In the entries below, find each line with the string "Product" and copy it.

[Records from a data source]
• • • •

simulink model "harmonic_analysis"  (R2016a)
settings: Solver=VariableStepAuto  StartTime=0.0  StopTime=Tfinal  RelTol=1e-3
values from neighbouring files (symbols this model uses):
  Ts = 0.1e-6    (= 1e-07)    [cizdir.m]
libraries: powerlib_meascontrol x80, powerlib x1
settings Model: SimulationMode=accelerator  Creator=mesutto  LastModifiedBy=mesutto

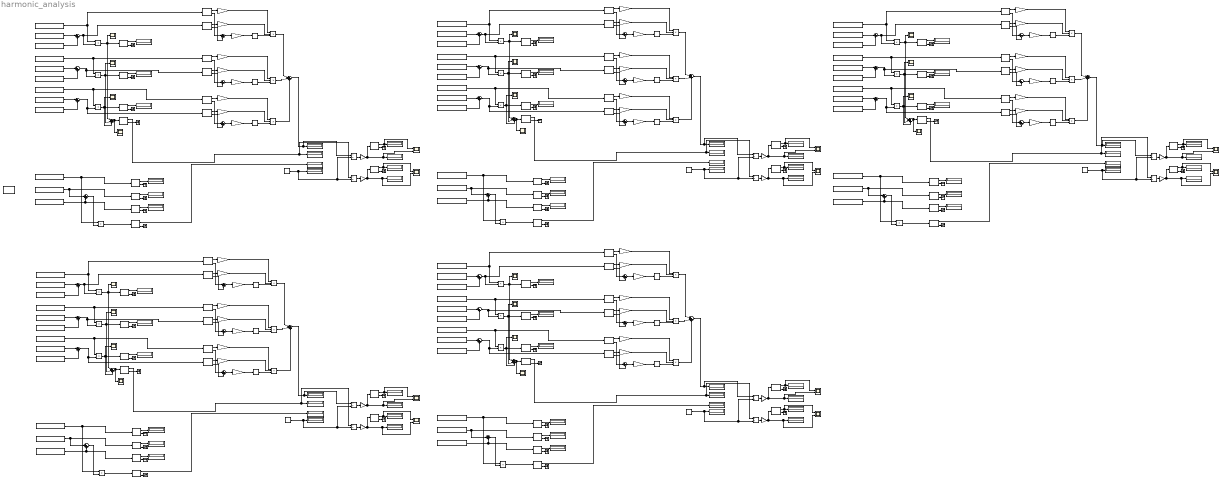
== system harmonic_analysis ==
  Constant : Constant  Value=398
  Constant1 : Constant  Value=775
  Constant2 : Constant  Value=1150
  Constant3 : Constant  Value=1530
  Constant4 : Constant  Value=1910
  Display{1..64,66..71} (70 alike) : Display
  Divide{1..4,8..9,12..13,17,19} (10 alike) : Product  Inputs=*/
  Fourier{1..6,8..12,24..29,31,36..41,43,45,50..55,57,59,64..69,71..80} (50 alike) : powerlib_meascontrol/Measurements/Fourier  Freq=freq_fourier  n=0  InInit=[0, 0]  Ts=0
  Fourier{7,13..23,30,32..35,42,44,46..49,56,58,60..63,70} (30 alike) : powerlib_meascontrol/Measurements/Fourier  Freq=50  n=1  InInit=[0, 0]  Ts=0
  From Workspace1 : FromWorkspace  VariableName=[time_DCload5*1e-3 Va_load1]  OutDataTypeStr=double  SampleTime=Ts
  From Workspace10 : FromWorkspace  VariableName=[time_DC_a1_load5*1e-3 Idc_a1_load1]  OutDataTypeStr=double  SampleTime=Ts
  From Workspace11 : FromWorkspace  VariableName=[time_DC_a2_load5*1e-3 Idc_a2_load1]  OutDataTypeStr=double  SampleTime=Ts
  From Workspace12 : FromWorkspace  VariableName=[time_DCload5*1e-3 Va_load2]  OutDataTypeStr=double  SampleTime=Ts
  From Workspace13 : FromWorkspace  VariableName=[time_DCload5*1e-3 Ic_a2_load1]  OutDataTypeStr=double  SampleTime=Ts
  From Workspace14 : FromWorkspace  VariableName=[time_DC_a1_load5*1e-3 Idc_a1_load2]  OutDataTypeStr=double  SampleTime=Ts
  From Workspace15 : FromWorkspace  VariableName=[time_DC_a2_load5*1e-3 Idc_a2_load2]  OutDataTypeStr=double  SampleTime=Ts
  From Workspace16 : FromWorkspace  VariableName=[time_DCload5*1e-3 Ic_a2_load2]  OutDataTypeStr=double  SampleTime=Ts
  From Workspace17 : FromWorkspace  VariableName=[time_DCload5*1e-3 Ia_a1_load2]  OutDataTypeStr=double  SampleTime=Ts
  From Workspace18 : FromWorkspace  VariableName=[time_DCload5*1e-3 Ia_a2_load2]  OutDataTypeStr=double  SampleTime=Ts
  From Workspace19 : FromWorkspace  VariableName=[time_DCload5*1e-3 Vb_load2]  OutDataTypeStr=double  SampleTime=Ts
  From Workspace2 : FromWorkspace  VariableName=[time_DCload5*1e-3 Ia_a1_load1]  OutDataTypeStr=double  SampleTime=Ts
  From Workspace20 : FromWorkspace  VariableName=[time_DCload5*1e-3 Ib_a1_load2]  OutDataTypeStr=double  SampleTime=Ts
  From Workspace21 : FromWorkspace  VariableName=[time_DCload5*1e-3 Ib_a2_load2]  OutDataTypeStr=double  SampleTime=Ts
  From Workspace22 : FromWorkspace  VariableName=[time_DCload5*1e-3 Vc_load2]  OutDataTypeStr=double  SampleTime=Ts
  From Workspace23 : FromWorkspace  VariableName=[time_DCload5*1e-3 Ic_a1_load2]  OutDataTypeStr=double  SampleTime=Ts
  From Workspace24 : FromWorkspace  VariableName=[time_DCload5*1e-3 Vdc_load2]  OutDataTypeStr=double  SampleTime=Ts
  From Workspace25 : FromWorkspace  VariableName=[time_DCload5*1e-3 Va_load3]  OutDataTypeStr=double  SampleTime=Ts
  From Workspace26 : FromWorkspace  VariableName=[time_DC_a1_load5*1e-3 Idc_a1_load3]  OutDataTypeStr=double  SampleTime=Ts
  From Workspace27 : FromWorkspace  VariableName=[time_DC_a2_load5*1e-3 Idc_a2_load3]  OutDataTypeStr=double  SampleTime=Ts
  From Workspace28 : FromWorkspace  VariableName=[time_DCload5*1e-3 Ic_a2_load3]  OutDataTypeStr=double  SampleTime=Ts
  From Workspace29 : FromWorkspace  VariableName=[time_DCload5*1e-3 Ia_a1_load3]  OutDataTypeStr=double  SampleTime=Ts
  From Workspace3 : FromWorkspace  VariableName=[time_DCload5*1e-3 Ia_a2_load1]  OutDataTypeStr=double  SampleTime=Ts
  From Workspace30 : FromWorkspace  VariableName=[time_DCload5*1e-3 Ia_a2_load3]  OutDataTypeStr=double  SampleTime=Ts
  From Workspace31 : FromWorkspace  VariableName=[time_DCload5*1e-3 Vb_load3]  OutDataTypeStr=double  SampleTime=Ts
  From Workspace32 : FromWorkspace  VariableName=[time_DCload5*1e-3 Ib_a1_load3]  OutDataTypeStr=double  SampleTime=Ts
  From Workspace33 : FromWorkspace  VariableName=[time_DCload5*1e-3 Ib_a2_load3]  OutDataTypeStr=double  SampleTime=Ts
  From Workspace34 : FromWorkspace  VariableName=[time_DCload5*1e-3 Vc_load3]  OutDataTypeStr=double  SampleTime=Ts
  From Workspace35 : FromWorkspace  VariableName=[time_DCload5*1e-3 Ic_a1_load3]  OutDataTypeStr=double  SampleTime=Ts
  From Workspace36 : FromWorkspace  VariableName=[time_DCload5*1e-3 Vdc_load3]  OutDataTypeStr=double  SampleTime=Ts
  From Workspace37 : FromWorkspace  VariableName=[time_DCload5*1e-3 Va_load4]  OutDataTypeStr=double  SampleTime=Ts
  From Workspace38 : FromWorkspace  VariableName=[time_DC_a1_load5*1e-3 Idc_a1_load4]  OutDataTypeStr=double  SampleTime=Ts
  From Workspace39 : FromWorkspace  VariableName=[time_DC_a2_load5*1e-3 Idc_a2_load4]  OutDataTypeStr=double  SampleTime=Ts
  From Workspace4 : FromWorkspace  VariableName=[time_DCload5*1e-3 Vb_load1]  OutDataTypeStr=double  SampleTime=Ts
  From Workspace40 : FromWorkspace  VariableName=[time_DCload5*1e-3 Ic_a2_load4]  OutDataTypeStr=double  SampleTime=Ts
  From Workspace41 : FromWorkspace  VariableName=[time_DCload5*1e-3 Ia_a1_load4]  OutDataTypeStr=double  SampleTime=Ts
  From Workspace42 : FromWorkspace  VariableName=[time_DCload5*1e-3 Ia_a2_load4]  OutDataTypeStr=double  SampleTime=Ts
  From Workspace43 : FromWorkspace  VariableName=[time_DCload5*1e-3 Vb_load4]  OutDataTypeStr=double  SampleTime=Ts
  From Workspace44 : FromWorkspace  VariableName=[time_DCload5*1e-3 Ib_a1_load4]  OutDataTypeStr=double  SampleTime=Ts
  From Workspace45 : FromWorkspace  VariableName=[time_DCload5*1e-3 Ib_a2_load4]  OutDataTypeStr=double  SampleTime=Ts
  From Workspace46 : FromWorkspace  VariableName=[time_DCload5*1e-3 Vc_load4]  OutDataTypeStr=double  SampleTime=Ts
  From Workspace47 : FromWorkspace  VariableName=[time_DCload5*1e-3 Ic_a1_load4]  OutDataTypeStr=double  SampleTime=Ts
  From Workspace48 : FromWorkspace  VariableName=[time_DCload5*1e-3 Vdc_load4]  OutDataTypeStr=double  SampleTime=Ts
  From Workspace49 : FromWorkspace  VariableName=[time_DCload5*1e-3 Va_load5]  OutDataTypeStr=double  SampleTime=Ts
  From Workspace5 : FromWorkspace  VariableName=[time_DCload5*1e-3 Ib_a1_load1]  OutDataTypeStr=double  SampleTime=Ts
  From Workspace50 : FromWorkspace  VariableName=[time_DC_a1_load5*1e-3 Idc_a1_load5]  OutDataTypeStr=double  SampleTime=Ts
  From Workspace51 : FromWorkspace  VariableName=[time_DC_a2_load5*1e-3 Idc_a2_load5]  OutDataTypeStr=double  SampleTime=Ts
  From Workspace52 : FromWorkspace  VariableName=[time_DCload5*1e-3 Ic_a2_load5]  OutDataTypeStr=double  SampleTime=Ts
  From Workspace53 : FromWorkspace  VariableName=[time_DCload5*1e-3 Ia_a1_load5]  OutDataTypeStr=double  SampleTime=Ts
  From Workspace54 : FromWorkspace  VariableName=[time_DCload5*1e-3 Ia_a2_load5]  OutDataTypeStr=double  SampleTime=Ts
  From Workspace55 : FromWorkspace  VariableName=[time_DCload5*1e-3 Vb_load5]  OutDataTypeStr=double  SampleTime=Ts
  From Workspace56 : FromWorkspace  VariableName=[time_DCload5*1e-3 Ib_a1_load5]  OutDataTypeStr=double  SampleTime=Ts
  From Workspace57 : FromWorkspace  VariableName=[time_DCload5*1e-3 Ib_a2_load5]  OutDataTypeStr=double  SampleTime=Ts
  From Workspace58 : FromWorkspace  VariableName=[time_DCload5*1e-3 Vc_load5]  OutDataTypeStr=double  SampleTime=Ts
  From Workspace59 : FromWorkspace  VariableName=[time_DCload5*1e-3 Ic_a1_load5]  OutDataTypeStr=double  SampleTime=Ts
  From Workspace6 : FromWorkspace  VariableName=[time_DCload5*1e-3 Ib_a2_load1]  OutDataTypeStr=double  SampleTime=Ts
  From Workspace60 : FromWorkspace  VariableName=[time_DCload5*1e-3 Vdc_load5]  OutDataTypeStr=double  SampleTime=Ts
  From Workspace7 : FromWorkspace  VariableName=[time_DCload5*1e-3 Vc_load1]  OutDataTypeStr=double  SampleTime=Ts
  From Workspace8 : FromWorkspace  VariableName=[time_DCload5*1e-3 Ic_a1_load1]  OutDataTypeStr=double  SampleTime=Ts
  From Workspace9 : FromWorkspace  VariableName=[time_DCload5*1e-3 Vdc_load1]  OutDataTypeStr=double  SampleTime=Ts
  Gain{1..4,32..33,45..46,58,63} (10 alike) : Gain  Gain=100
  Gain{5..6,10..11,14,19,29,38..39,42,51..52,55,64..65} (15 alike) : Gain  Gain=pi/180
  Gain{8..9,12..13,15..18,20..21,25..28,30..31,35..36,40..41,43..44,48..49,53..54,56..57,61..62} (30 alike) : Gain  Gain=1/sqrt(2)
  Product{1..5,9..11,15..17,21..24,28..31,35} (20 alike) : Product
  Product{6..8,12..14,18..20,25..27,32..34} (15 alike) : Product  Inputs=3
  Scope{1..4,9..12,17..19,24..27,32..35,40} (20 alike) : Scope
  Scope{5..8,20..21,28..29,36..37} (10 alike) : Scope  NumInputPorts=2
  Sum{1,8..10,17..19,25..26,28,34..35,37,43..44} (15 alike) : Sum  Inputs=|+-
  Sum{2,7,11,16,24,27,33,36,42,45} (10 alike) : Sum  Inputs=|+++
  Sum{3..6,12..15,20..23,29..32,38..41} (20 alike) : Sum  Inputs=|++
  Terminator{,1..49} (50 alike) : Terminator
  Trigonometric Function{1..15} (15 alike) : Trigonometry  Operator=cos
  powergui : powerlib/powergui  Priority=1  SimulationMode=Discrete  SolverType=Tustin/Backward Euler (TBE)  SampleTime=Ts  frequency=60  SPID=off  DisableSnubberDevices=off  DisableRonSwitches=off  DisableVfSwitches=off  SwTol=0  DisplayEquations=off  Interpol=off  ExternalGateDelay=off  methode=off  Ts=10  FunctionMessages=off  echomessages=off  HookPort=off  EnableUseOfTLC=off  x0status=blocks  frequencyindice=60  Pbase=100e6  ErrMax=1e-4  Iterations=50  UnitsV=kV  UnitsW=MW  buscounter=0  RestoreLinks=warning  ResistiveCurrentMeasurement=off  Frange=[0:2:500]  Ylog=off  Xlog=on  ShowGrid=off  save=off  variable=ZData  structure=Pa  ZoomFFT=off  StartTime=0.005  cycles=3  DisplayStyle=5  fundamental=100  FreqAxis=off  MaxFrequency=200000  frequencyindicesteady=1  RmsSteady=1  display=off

• • • •

Answer area ->
  Divide{1..4,8..9,12..13,17,19} (10 alike) : Product  Inputs=*/
  Product{1..5,9..11,15..17,21..24,28..31,35} (20 alike) : Product
  Product{6..8,12..14,18..20,25..27,32..34} (15 alike) : Product  Inputs=3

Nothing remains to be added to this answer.